[eluser]Unknown[/eluser]
It's very sad , as i see it's the end of the lightest and fastest method for coding.
Responsibility is most important part of the open source project . as i see that it does NOT exist on the ellislab's team.
Thanks,
Siavash
[eluser]Ali Fattahi[/eluser]
It seems we have to migrate to other frameworks like cakephp and other good php frameworks ...
[eluser]Pert[/eluser]
[quote author="Ali Fattahi" date="1369944639"]It seems we have to migrate to other frameworks like cakephp and other good php frameworks ...[/quote]
You only <b>have</b> to migrate to something else when there is a task CodeIgniter doesn't allow you to do and that other framework does.
[eluser]Unknown[/eluser]
Right on the money, what the hell else do you want (for free) that you can't find or build yourself? Greedy little things, where does such entitlement come from?
[quote author="pettersolberg" date="1367250540"]Opposite to the previous posts, I'd like to add my two cents.
In my opinion CI is just a very mature project. So the question is, do you need a "V3" mark on it or many new features to get your work done or just to keep your trigger-happy soul ehm... happy?
I've got a rather long running project, a site built on CI - I couldn't imagine upgrading it and getting it broken on every corner (google for stories on various other frameworks doing so).
You can implement some new stuff through libraries or helpers, I know, I know - it's not the same. Rather than complaining - just go for the framework, that suits your needs. Be it real, project-oriented, or imaginary, ego-oriented.
[/quote]
[eluser]whygod[/eluser]
I like the slowly but surely approach of CodeIgniter.
It is very extendable so you can tweak it by yourself.
In short it is a mature project.
By the way who is the one man guy developing the 3.0 version?
[eluser]Peter Denk[/eluser]
I believe that to survive CI needs to be split into two major branches. One branch that is aimed at those who might have their software run on low budget hosted environments with legacy versions of PHP - currently that would be 5.2.x. And one branch that is aimed at those who are running their own production servers. This would not be the bleeding edge where things break frequently, but a stable and maintained version of PHP that is included in for instance Debian old-stable - currently that would be 5.3.x.

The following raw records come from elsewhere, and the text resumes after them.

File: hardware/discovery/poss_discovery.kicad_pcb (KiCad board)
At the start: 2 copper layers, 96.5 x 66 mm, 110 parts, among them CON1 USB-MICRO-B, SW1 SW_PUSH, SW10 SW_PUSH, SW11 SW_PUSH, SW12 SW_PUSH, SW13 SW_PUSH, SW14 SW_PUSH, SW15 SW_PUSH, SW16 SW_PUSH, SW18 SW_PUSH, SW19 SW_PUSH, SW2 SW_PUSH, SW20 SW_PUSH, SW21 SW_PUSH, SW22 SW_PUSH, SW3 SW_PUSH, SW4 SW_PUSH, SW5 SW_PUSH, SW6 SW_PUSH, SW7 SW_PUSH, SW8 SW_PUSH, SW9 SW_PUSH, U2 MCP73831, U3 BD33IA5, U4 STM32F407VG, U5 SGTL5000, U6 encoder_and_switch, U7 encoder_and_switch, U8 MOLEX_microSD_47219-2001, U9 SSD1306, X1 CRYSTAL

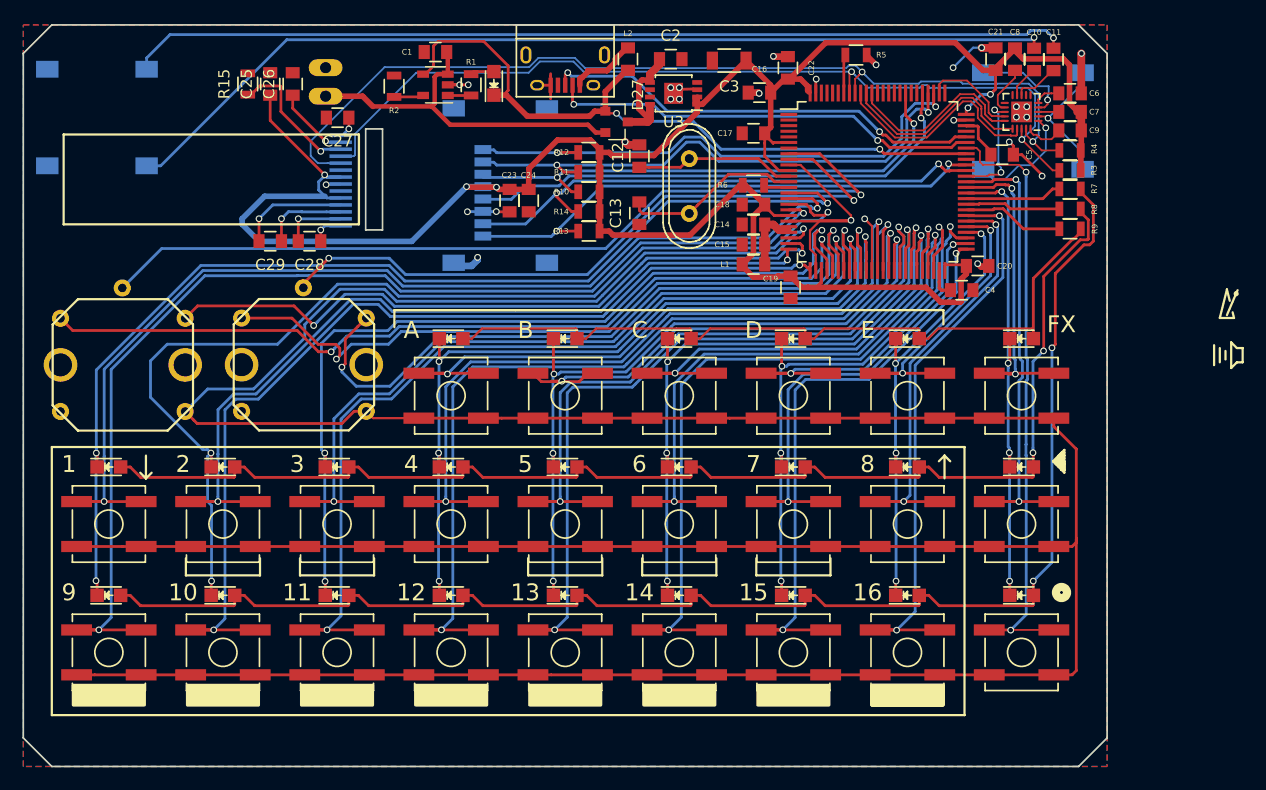
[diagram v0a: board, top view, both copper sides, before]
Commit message: Discovery: Add encoders noise filtering
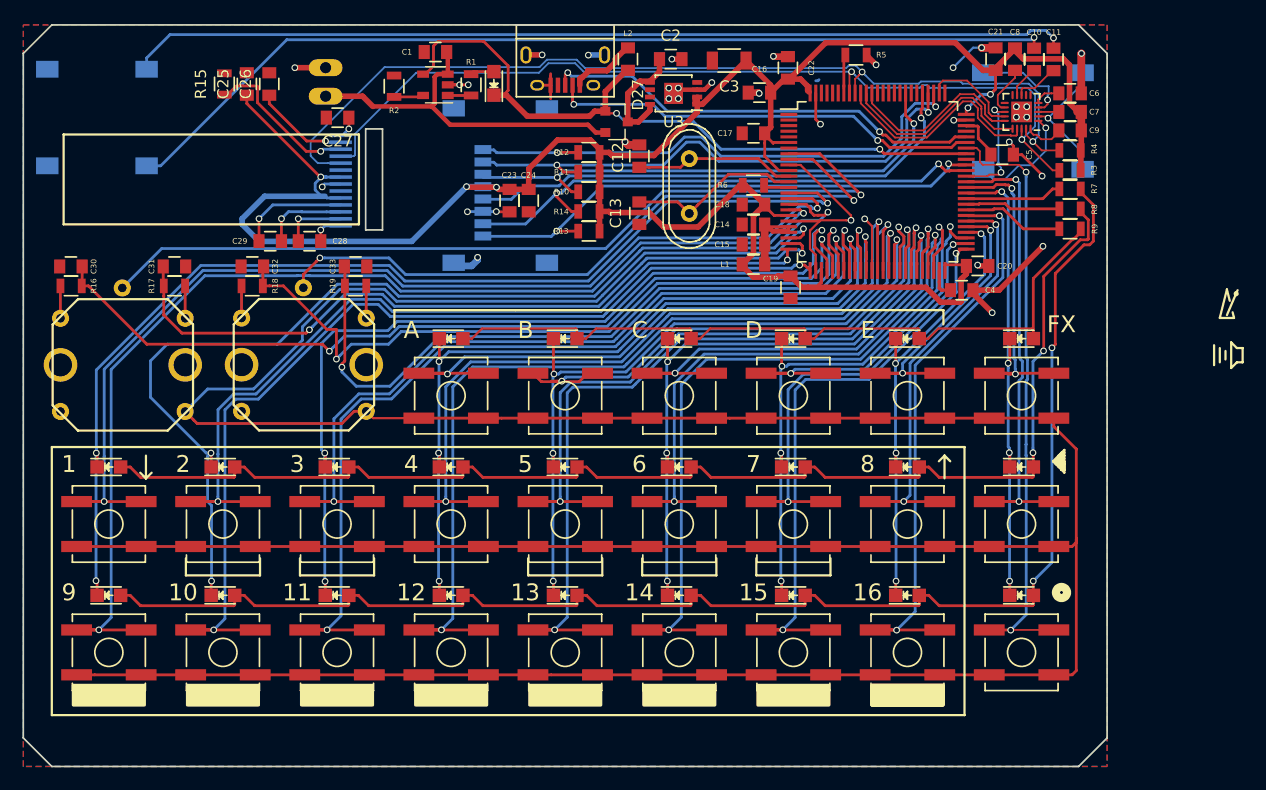
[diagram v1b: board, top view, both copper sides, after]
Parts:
- added C30: 0,1uF, Capacitors_SMD:C_0805, F.Cu at (84.3, 100.3)
- added C31: 0,1uF, Capacitors_SMD:C_0805, F.Cu at (93.5, 100.3)
- added C32: 0,1uF, Capacitors_SMD:C_0805, F.Cu at (100.4, 100.3)
- added C33: 0,1uF, Capacitors_SMD:C_0805, F.Cu at (109.6, 100.3)
- added R16: 27K, Resistors_SMD:R_0805, F.Cu at (84.3, 102.0)
- added R17: 27K, Resistors_SMD:R_0805, F.Cu at (93.5, 102.0)
- added R18: 27K, Resistors_SMD:R_0805, F.Cu at (100.4, 102.0)
- added R19: 27K, Resistors_SMD:R_0805, F.Cu at (109.6, 102.0)
- moved C25 2.08 mm to (99.9, 84.0)
- moved C26 2.08 mm to (101.9, 84.0)
- moved R15 2.08 mm to (97.9, 84.0)
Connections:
- U6 pad 1: ENC_1_A -> Net-(R16-Pad1)
- U6 pad 2: ENC_1_B -> Net-(R17-Pad2)
- U7 pad 1: ENC_2_A -> Net-(R18-Pad1)
- U7 pad 2: ENC_2_B -> Net-(R19-Pad2)
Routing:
- net GND: track 61.7 -> 84.0 mm, vias 27 -> 35
- net ENC_1_B: track 61.9 -> 67.9 mm
- net Net-(C14-Pad2): track 5.81 -> 10.3 mm
- net ENC_2_B: track 60.6 -> 64.5 mm
- net Net-(R16-Pad1): track 0.00 -> 2.89 mm
- net Net-(R17-Pad2): track 0.00 -> 2.89 mm
- net Net-(R18-Pad1): track 0.00 -> 2.87 mm
- net Net-(R19-Pad2): track 0.00 -> 2.87 mm
- net Net-(C26-Pad1): track 6.69 -> 8.53 mm
- net Net-(R15-Pad1): track 12.4 -> 14.0 mm
- net ENC_2_A: track 66.1 -> 67.7 mm
- net ENC_1_A: track 77.9 -> 78.9 mm
- net 3V3: track 212.8 -> 213.5 mm
- net (no net): track 0.63 -> 0.33 mm, vias 1 -> 0

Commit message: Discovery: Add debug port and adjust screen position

The upside for those that like EllisLab can not require more than a legacy version of PHP is that when the time comes to raise the bar there is a new version of CI ready that has been tested by many.
[eluser]anis2505[/eluser]
Ok, I know CI is the most stable PHP framework.
I don't mind using it as it's but with some issues to be solved for example the support of Sql Server, CI support is deprecated. we need some fixing for those things nothing more nothing less.
BTW can some of you explain the licencing strategy for CI 3.